**ACTIVITY:**
Could you copy each line of the entries that contains "Series"?

**Data items:**
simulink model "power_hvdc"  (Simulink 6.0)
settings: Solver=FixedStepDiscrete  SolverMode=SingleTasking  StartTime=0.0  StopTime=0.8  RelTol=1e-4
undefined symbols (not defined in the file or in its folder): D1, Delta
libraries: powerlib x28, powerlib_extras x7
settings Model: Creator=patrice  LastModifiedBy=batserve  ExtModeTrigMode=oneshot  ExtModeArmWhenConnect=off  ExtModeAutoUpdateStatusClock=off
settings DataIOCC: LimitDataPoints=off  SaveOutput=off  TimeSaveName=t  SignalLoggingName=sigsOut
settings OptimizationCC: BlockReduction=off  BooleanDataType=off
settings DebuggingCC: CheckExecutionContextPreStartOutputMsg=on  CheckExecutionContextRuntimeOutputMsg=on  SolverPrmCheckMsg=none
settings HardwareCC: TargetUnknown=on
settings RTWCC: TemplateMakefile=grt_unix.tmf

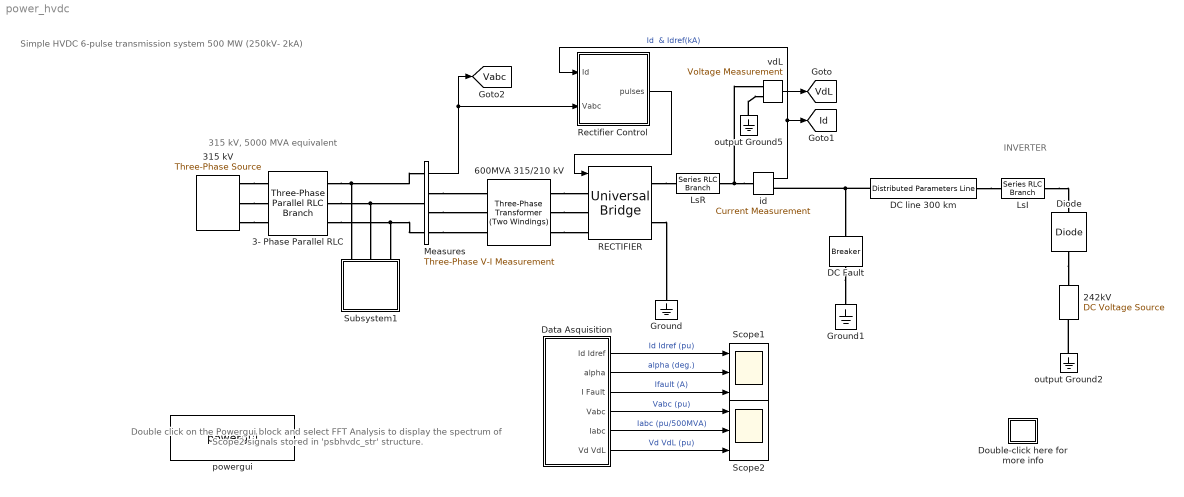
== system power_hvdc ==
  note: INVERTER
  note: Simple HVDC 6-pulse transmission system
      | 500 MW (250kV- 2kA)
  note: 315 kV, 5000 MVA equivalent
  note: Double click on the Powergui block
      | and select  FFT Analysis to display
      | the spectrum of Scope2  signals
      | stored in 'psbhvdc_str' structure.
  242kV : powerlib/Electrical Sources/DC Voltage Source  Description=source block  Orientation=up  Amplitude=242000  Measurements=None
      settings: AttributesFormatString=\n
  3- Phase Parallel RLC : powerlib/Elements/Three-Phase Parallel RLC Branch  PhysicalDomain=powersysdomain  SubClassName=unknown  LeftPortType=p1  RightPortType=p1  LConnTagsString=A|B|C  RConnTagsString=A|B|C  Resistance=12.41  Inductance=23.264e-3  Capacitance=0  Measurements=None
  315 kV : powerlib/Electrical Sources/Three-Phase Source  Voltage=315e3  PhaseAngle=0  Frequency=60  InternalConnection=Yg  SpecifyImpedance=off  Resistance=0  Inductance=46.671e-3  ShortCircuitLevel=0  BaseVoltage=0  XRratio=0
  600MVA 315/210 kV : powerlib/Elements/Three-Phase Transformer (Two Windings)  NominalPower=[ 600e6 60 ]  Winding1Connection=Yg  Winding1="[ 315e3*0.97 0.0015  0.0 ]"  Winding2Connection=Delta (D1)  Winding2=[ 210e3 0.0015 0.12]  SetSaturation=off  Rm=500  Lm=500  Saturation="[ 0,0  ;  0.005,1.2  ;  1.0,1.4 ]"  Hysteresis=off  DataFile='hysteresis'  SetInitialFlux=off  InitialFluxes=[ 0.8 , -0.8 , 0.7 ]  Measurements=None  TransfoNumber=0
  DC Fault : powerlib/Elements/Breaker  Orientation=down  BreakerResistance=0.1  InitialState=0  SnubberResistance=inf  SnubberCapacitance=0  SwitchingTimes=[ 0.5 0.51 ]  External=off  Measurements=Branch current
      settings: AttributesFormatString=\n
  DC line 300 km : powerlib/Elements/Distributed Parameters Line  Phases=1  Frequency=60  Resistance=0.015  Inductance=0.792e-3  Capacitance=14.4e-9  Length=300  x1=[0 0 0 0; 0.0001244 0 0 0; 0.0002488 0 0 0; 0.0003733 0 0 0; 0.0004977 0 0 0; 0.0006221 0 0 0]  x2=[0 0 0 0; 0.0001244 0 0 0; 0.0002488 0 0 0; 0.0003733 0 0 0; 0.0004977 0 0 0; 0.0006221 0 0 0]  x3=[0 0 0 0; 0.0001244 0 0 0; 0.0002488 0 0 0; 0.0003733 0 0 0; 0.0004977 0 0 0; 0.0006221 0 0 0]  x4=[0 0 0 0; 0.0001244 0 0 0; 0.0002488 0 0 0; 0.0003733 0 0 0; 0.0004977 0 0 0; 0.0006221 0 0 0]  x5=0  Measurements=None
      settings: AttributesFormatString=\n
  Data Asquisition : Subsystem
  Diode : powerlib/Power Electronics/Diode  Orientation=down  Ron=0.01  Lon=0  Vf=0.8  IC=0  Rs=1000  Cs=0.05e-6  Measurements=off
  Double-click here for more info : Subsystem
      mask Display: disp('?')
  Ground : powerlib/Elements/Ground  Orientation=down  PhysicalDomain=powersysdomain  SubClassName=unknown  LeftPortType=p1  RightPortType=p1  LConnTagsString=a
  Ground1 : powerlib/Elements/Ground  Orientation=down  PhysicalDomain=powersysdomain  SubClassName=unknown  LeftPortType=p1  RightPortType=p1  LConnTagsString=a
  LsI : powerlib/Elements/Series RLC Branch  PhysicalDomain=powersysdomain  SubClassName=unknown  LeftPortType=p1  RightPortType=p1  LConnTagsString=__new0  RConnTagsString=__new0  Resistance=.5  Inductance=.5  Capacitance=inf  Measurements=None
  "LsR " : powerlib/Elements/Series RLC Branch  PhysicalDomain=powersysdomain  SubClassName=unknown  LeftPortType=p1  RightPortType=p1  LConnTagsString=__new0  RConnTagsString=__new0  Resistance=.5  Inductance=.5  Capacitance=inf  Measurements=None
  Measures : powerlib/Measurements/Three-Phase V-I Measurement  VoltageMeasurement=phase-to-ground  SetLabelV=off  LabelV=V1  Vpu=on  Vbase=315e3  CurrentMeasurement=yes  SetLabelI=on  LabelI=Iabc  Ipu=on  Pbase=500e6  OutputType=Magnitude  PhasorSimulation=off  PSBequivalent=0
  RECTIFIER : powerlib/Power Electronics/Universal Bridge  Arms=3  SnubberResistance=2000  SnubberCapacitance=50e-9  Device=Thyristors  Ron=1e-3  Lon=0  ForwardVoltages="[  0.8  0.8  ]"  ForwardVoltage=0  GTOparameters=[ 10e-6 , 20e-6 ]  IGBTparameters=[ 1e-6 , 2e-6 ]  Measurements=UAB UBC UCA UDC voltages
  Rectifier Control : Subsystem
  Scope1 : Scope  NumInputPorts=3
      settings: TimeRange=0.8  YMin=-0.25~0~-500  YMax=2~170~6000  DataFormat=Array
  Scope2 : Scope  NumInputPorts=3
      settings: TimeRange=0.8  YMin=-1.5~-3~-1.5  YMax=1.5~3~2  SaveName=psbhvdc_str
  Subsystem1 : Subsystem  Orientation=down
      mask Display: disp('AC filters \n(320 Mvar)')
  id : powerlib/Measurements/Current Measurement  Tag=PoWeRsYsTeMmEaSuReMeNt  PhasorSimulation=off  OutputType=Complex  PSBequivalent=0
  output Ground2 : powerlib/Elements/Ground  Orientation=down  PhysicalDomain=powersysdomain  SubClassName=unknown  LeftPortType=p1  RightPortType=p1  LConnTagsString=a
  output Ground5 : powerlib/Elements/Ground  Orientation=down  PhysicalDomain=powersysdomain  SubClassName=unknown  LeftPortType=p1  RightPortType=p1  LConnTagsString=a
  powergui : powerlib/powergui  Priority=2  Frange=[0:2:500]  Ylog=off  Xlog=off  save=off  variable=ZData  structure=psbhvdc_str  ZoomFFT=on  StartTime=0.8-2/60  cycles=2  DisplayStyle=off  fundamental=60  FreqAxis=on  MaxFrequency=2000  frequencyindice=1  frequencyindicesteady=1  RmsSteady=1  display=off  Ts=1/360/64  methode=off  frequency=60  echomessages=off
  vdL : powerlib/Measurements/Voltage Measurement  Tag=PoWeRsYsTeMmEaSuReMeNt  PhasorSimulation=off  OutputType=Complex  PSBequivalent=0
  tag scope: Id=global, Vabc=global, VdL=global
  wires:
  Data Asquisition/6(Vd VdL) -> Scope2/3  "Vd VdL (pu)"
  Data Asquisition/1("Id Idref ") -> Scope1/1  "Id Idref (pu)"
  Data Asquisition/3(I Fault) -> Scope1/3  "Ifault (A)"
  Data Asquisition/2(alpha) -> Scope1/2  "alpha (deg.)"
  Data Asquisition/4(Vabc) -> Scope2/1  "Vabc (pu)"
  Data Asquisition/5(Iabc) -> Scope2/2  "Iabc (pu/500MVA)"
  Rectifier Control/1(pulses) -> RECTIFIER/1
  id/1 -> Rectifier Control/1(Id), [Id]  "Id  & Idref(kA)"
  Measures/1 -> [Vabc], Rectifier Control/2(Vabc)
  vdL/1 -> [VdL]
  connections:
  RECTIFIER/RConn1 -- "LsR "/LConn1
  RECTIFIER/RConn2 -- Ground/LConn1
  600MVA 315/210 kV/RConn1 -- RECTIFIER/LConn1
  600MVA 315/210 kV/RConn2 -- RECTIFIER/LConn2
  600MVA 315/210 kV/RConn3 -- RECTIFIER/LConn3
  Measures/RConn1 -- 600MVA 315/210 kV/LConn1
  Measures/RConn2 -- 600MVA 315/210 kV/LConn2
  Measures/RConn3 -- 600MVA 315/210 kV/LConn3
  DC line 300 km/RConn1 -- LsI/LConn1
  DC line 300 km/LConn1 -- id/RConn1 -- DC Fault/LConn1
  "LsR "/RConn1 -- id/LConn1 -- vdL/LConn1
  output Ground5/LConn1 -- vdL/LConn2
  DC Fault/RConn1 -- Ground1/LConn1
  output Ground2/LConn1 -- 242kV/LConn1
  LsI/RConn1 -- Diode/LConn1
  315 kV/RConn1 -- 3- Phase Parallel RLC/LConn1
  315 kV/RConn2 -- 3- Phase Parallel RLC/LConn2
  315 kV/RConn3 -- 3- Phase Parallel RLC/LConn3
  Diode/RConn1 -- 242kV/RConn1
  3- Phase Parallel RLC/RConn2 -- Measures/LConn2 -- Subsystem1/LConn2
  3- Phase Parallel RLC/RConn1 -- Measures/LConn1 -- Subsystem1/LConn1
  3- Phase Parallel RLC/RConn3 -- Measures/LConn3 -- Subsystem1/LConn3

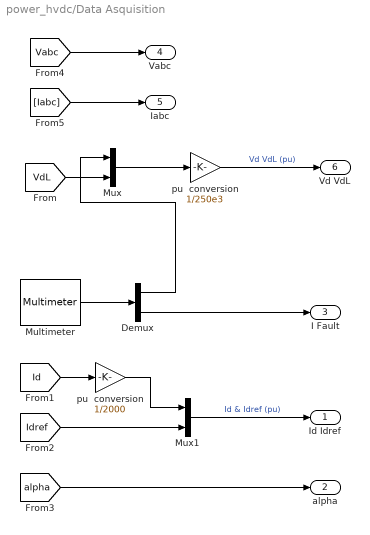
== system power_hvdc/Data Asquisition ==
  Demux : Demux  Outputs=2
  Multimeter : powerlib/Measurements/Multimeter  Tag=PoWeRsYsTeMmEaSuReMeNt  PhasorSimulation=off  OutputType=Magnitude  sel=[4 5]  L=5  Gain=[1 1]  yselected={'Udc: RECTIFIER','Ib: DC Fault'};  PSBOutputType=1  PSBequivalent=0  AxesSetting=[0,0.1,-100,100]  Display=0  SavedBlockNames={}
      settings: AttributesFormatString=\n
  Mux : Mux  Inputs=2
  Mux1 : Mux  Inputs=2
  pu  conversion : Gain  Gain=1/2000  SaturateOnIntegerOverflow=on
  "pu  conversion " : Gain  Gain=1/250e3  SaturateOnIntegerOverflow=on
  "Id Idref " : Outport
  alpha : Outport  Port=2
  I Fault : Outport  Port=3
  Vabc : Outport  Port=4
  Iabc : Outport  Port=5
  Vd VdL : Outport  Port=6
  wires:
  Mux/1 -> "pu  conversion "/1
  [VdL] -> Mux/2
  [Id] -> pu  conversion/1
  Mux1/1 -> "Id Idref "/1  "Id & Idref (pu)"
  [Idref] -> Mux1/2
  Demux/2 -> I Fault/1
  Demux/1 -> Mux/1
  [alpha] -> alpha/1
  [Vabc] -> Vabc/1
  [Iabc] -> Iabc/1
  "pu  conversion "/1 -> Vd VdL/1  "Vd VdL (pu)"
  pu  conversion/1 -> Mux1/1
  Multimeter/1 -> Demux/1

== system power_hvdc/Double-click here for more info ==
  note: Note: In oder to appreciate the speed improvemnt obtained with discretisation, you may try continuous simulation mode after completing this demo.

**ANSWER AREA:**
  LsI : powerlib/Elements/Series RLC Branch  PhysicalDomain=powersysdomain  SubClassName=unknown  LeftPortType=p1  RightPortType=p1  LConnTagsString=__new0  RConnTagsString=__new0  Resistance=.5  Inductance=.5  Capacitance=inf  Measurements=None
  "LsR " : powerlib/Elements/Series RLC Branch  PhysicalDomain=powersysdomain  SubClassName=unknown  LeftPortType=p1  RightPortType=p1  LConnTagsString=__new0  RConnTagsString=__new0  Resistance=.5  Inductance=.5  Capacitance=inf  Measurements=None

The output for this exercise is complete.